# The Far Horizon--read it to your kids and enjoy it, too - Help! Freebie!



## Patty Jansen (Apr 5, 2011)

The Far Horizon is a book I started writing when I was reading fiction to my kids every night. I noticed that there was an awful lot of fantasy for younger readers, but no science fiction.

I wanted to write a story that highlighted a child’s perspective on life in space. How cool would it be to explore a space station, to get into trouble for doing so, and to see and overhear things that no one expected you to hear? In books, life in space is almost exclusively the domain of serious adults. Playful children have little place there. But when we consider settlement in space, there will inevitably be children.

This book is about that experience. It is about kicking against the clique mentality of closed communities, about making friends where you never thought you would find any. While I wrote this with readers of 8-13 years in age in mind, I also slipped in some references that adults might enjoy.

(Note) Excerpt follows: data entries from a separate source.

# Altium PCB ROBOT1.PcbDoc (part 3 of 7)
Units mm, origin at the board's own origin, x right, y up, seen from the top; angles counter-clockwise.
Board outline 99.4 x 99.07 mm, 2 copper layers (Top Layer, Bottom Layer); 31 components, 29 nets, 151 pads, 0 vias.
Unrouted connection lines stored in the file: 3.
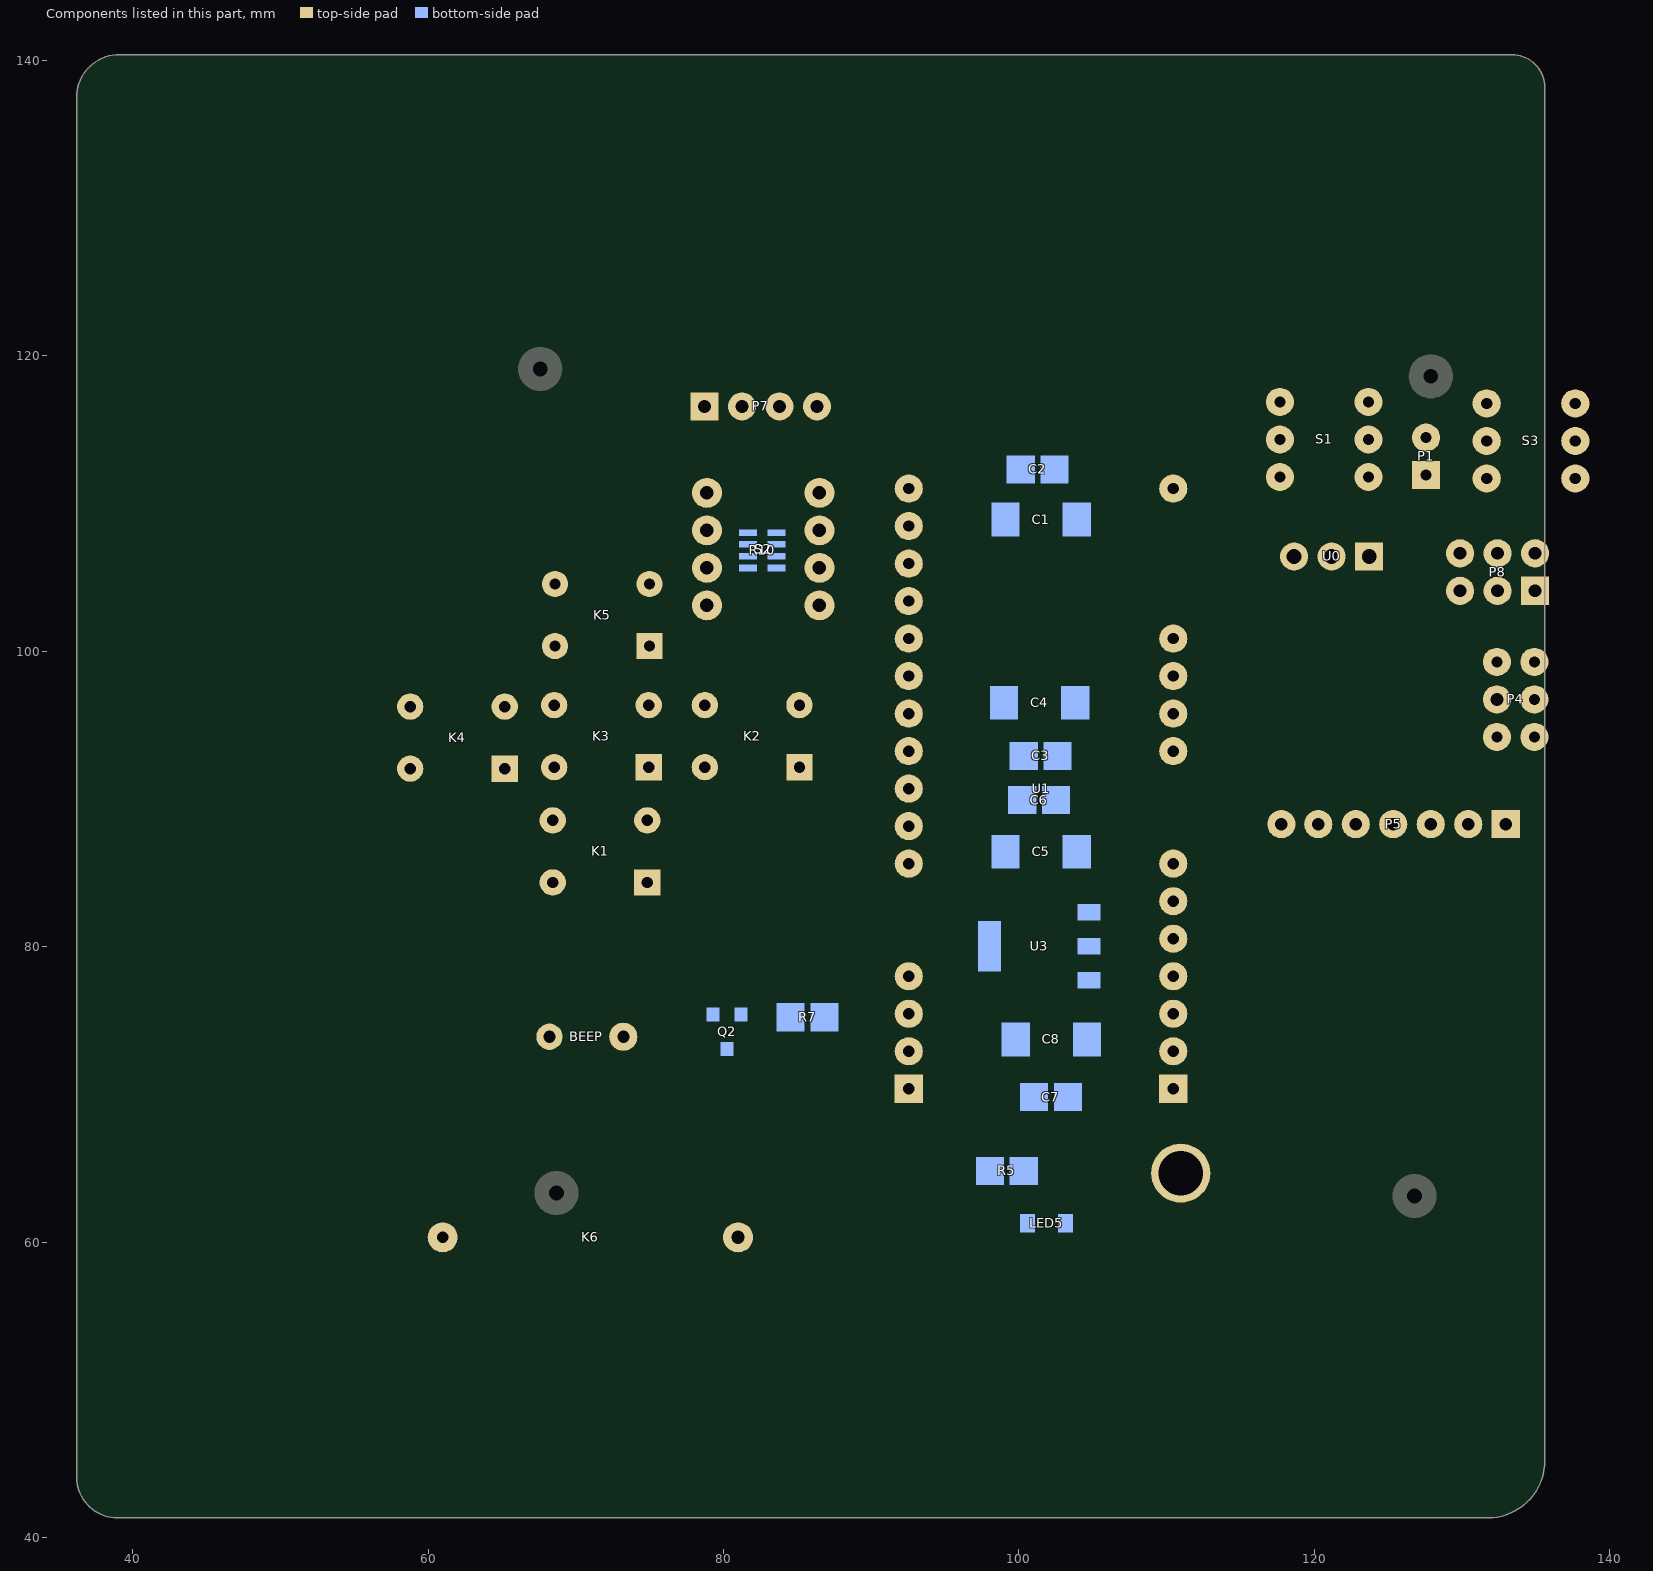
[diagram p3: the components of this part, seen from the top]

## Nets (pads, with @x,y where several pads share a name; then routed paths per layer and width w, separated by ;. In a path a pad name is that pad's centre, name@x,y a point inside that pad or via, vN(x,y) a via of type N, cw(c..) or ccw(c..) an arc to the next point about the centre after c; other vN are vias at no path point) (continued)
copper on no net: (continued)
  Bottom Layer w0.01: 58.26,113.578 58.34,113.578 ; 58.26,114.347 58.34,114.347 ; 58.26,114.357 58.33,114.357 ; 58.26,115.185 58.34,115.185 ; 58.26,115.864 58.34,115.864 ; 58.26,116.493 58.34,116.493 ; 58.26,117.042 58.34,117.042 ; 58.26,117.052 58.34,117.052 ; 58.26,117.811 58.34,117.811 ; 58.26,117.821 58.35,117.821 ; 58.27,113.558 58.35,113.558 ; 58.27,113.568 58.34,113.568 ; 58.27,114.327 58.35,114.327 ; 58.27,114.337 58.35,114.337 ; 58.27,115.165 58.35,115.165 ; 58.27,115.175 58.35,115.175 ; 58.27,115.874 58.35,115.874 ; 58.27,115.884 58.36,115.884 ; 58.27,116.503 58.35,116.503 ; 58.27,116.513 58.35,116.513 ; 58.27,117.062 58.35,117.062 ; 58.27,117.831 58.35,117.831 ; 58.27,117.841 58.36,117.841 ; 58.27,118.03 58.47,118.03 ; 58.28,114.307 58.36,114.307 ; 58.28,114.317 58.36,114.317 ; 58.28,115.155 58.36,115.155 ; 58.28,115.894 58.36,115.894 ; 58.28,115.904 58.37,115.904 ; 58.28,116.523 58.36,116.523 ; 58.28,116.533 58.37,116.533 ; 58.28,117.072 58.35,117.072 ; 58.28,117.851 58.37,117.851 ; 58.29,114.287 58.37,114.287 ; 58.29,114.297 58.37,114.297 ; 58.29,115.135 58.37,115.135 ; 58.29,115.145 58.37,115.145 ; 58.29,115.914 58.38,115.914 ; 58.29,116.543 58.37,116.543 ; 58.29,116.553 58.38,116.553 ; 58.29,116.563 58.38,116.563 ; 58.29,117.082 58.36,117.082 ; 58.29,117.092 58.37,117.092 ; 58.29,117.861 58.37,117.861 ; 58.29,117.871 58.38,117.871 ; 58.3,114.277 58.38,114.277 ; 58.3,115.125 58.38,115.125 ; 58.3,115.744 58.39,115.744 ; 58.3,115.924 58.38,115.924 ; 58.3,115.934 58.39,115.934 ; 58.3,116.573 58.39,116.573 ; 58.3,117.102 58.37,117.102 ; 58.3,117.112 58.38,117.112 ; 58.3,117.881 58.39,117.881 ; 58.3,117.891 58.39,117.891 ; 58.31,114.257 58.39,114.257 ; 58.31,114.267 58.38,114.267 ; 58.31,115.105 58.39,115.105 ; 58.31,115.115 58.38,115.115 ; 58.31,115.724 58.4,115.724 ; 58.31,115.734 58.39,115.734 ; 58.31,115.944 58.39,115.944 ; 58.31,116.583 58.4,116.583 ; 58.31,117.122 58.38,117.122 ; 58.31,117.132 58.39,117.132 ; 58.31,117.901 58.39,117.901 ; 58.32,114.247 58.4,114.247 ; 58.32,115.086 58.4,115.086 ; 58.32,115.096 58.4,115.096 ; 58.32,115.704 58.41,115.704 ; 58.32,115.714 58.4,115.714 ; 58.32,115.954 58.4,115.954 ; 58.32,115.964 58.41,115.964 ; 58.32,116.593 58.4,116.593 ; 58.32,117.142 58.39,117.142 ; 58.32,117.91 58.4,117.91 ; 58.32,117.92 58.41,117.92 ; 58.33,114.217 58.41,114.217 ; 58.33,114.227 58.41,114.227 ; 58.33,114.237 58.4,114.237 ; 58.33,115.076 58.41,115.076 ; 58.33,115.694 58.42,115.694 ; 58.33,115.974 58.41,115.974 ; 58.33,115.984 58.42,115.984 ; 58.33,116.603 58.41,116.603 ; 58.33,116.613 58.41,116.613 ; 58.33,117.152 58.4,117.152 ; 58.33,117.162 58.41,117.162 ; 58.33,117.93 58.41,117.93 ; 58.33,117.94 58.42,117.94 ; 58.34,114.207 58.42,114.207 ; 58.34,115.056 58.42,115.056 ; 58.34,115.066 58.41,115.066 ; 58.34,115.684 58.43,115.684 ; 58.34,115.994 58.43,115.994 ; 58.34,116.623 58.42,116.623 ; 58.34,116.633 58.42,116.633 ; 58.34,117.172 58.41,117.172 ; 58.34,117.182 58.42,117.182 ; 58.34,117.95 58.42,117.95 ; 58.34,117.96 58.43,117.96 ; 58.35,114.187 58.43,114.187 ; 58.35,114.197 58.42,114.197 ; 58.35,115.036 58.43,115.036 ; 58.35,115.046 58.43,115.046 ; 58.35,115.674 58.43,115.674 ; 58.35,116.004 58.43,116.004 ; 58.35,116.014 58.44,116.014 ; 58.35,116.643 58.43,116.643 ; 58.35,116.653 58.44,116.653 ; 58.35,117.192 58.42,117.192 ; 58.35,117.202 58.43,117.202 ; 58.35,117.97 58.44,117.97 ; 58.35,117.98 58.44,117.98 ; 58.36,114.167 58.44,114.167 ; 58.36,114.177 58.44,114.177 ; 58.36,115.026 58.44,115.026 ; 58.36,115.655 58.44,115.655 ; 58.36,115.665 58.44,115.665 ; 58.36,116.024 58.44,116.024 ; 58.36,116.663 58.45,116.663 ; 58.36,117.212 58.43,117.212 ; 58.36,117.99 58.45,117.99 ; 58.37,114.147 58.45,114.147 ; 58.37,114.157 58.45,114.157 ; 58.37,115.006 58.45,115.006 ; 58.37,115.016 58.45,115.016 ; 58.37,115.635 58.45,115.635 ; 58.37,115.645 58.45,115.645 ; 58.37,116.034 58.45,116.034 ; 58.37,116.044 58.46,116.044 ; 58.37,116.673 58.45,116.673 ; 58.37,116.683 58.46,116.683 ; 58.37,117.222 58.44,117.222 ; 58.37,117.232 58.45,117.232 ; 58.37,118 58.46,118 ; 58.38,114.137 58.46,114.137 ; 58.38,114.996 58.46,114.996 ; 58.38,115.615 58.47,115.615 ; 58.38,115.625 58.46,115.625 ; 58.38,116.054 58.47,116.054 ; 58.38,116.693 58.47,116.693 ; 58.38,117.242 58.45,117.242 ; 58.38,117.252 58.46,117.252 ; 58.38,118.01 58.46,118.01 ; 58.38,118.02 58.47,118.02 ; 58.39,114.117 58.47,114.117 ; 58.39,114.127 58.47,114.127 ; 58.39,114.976 58.47,114.976 ; 58.39,114.986 58.47,114.986 ; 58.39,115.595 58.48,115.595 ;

Blurb: Of all the things ten-year-old Cory Wilson expects to do when he moves to Midway Space Station, saving aliens from humans isn't one. An important conference is about to start at the station, not usually the sort of thing kids care about, not even when the conference is between humans and aliens, and half your family is alien. However, when bullies tease Cory, he ends up in a prohibited area where he overhears some men planning to plant a bomb at the conference. Because the terrorists hide their messages in computer games, no one believes Cory, not even his father, the station director. Kids at school think he’s crazy, some even think aliens should be bombed. The conference starts, the aliens have brought a very important person, and Cory's teacher, one of the terrorists, locks Cory in the classroom. Can he get out in time? If he does, will anyone listen? 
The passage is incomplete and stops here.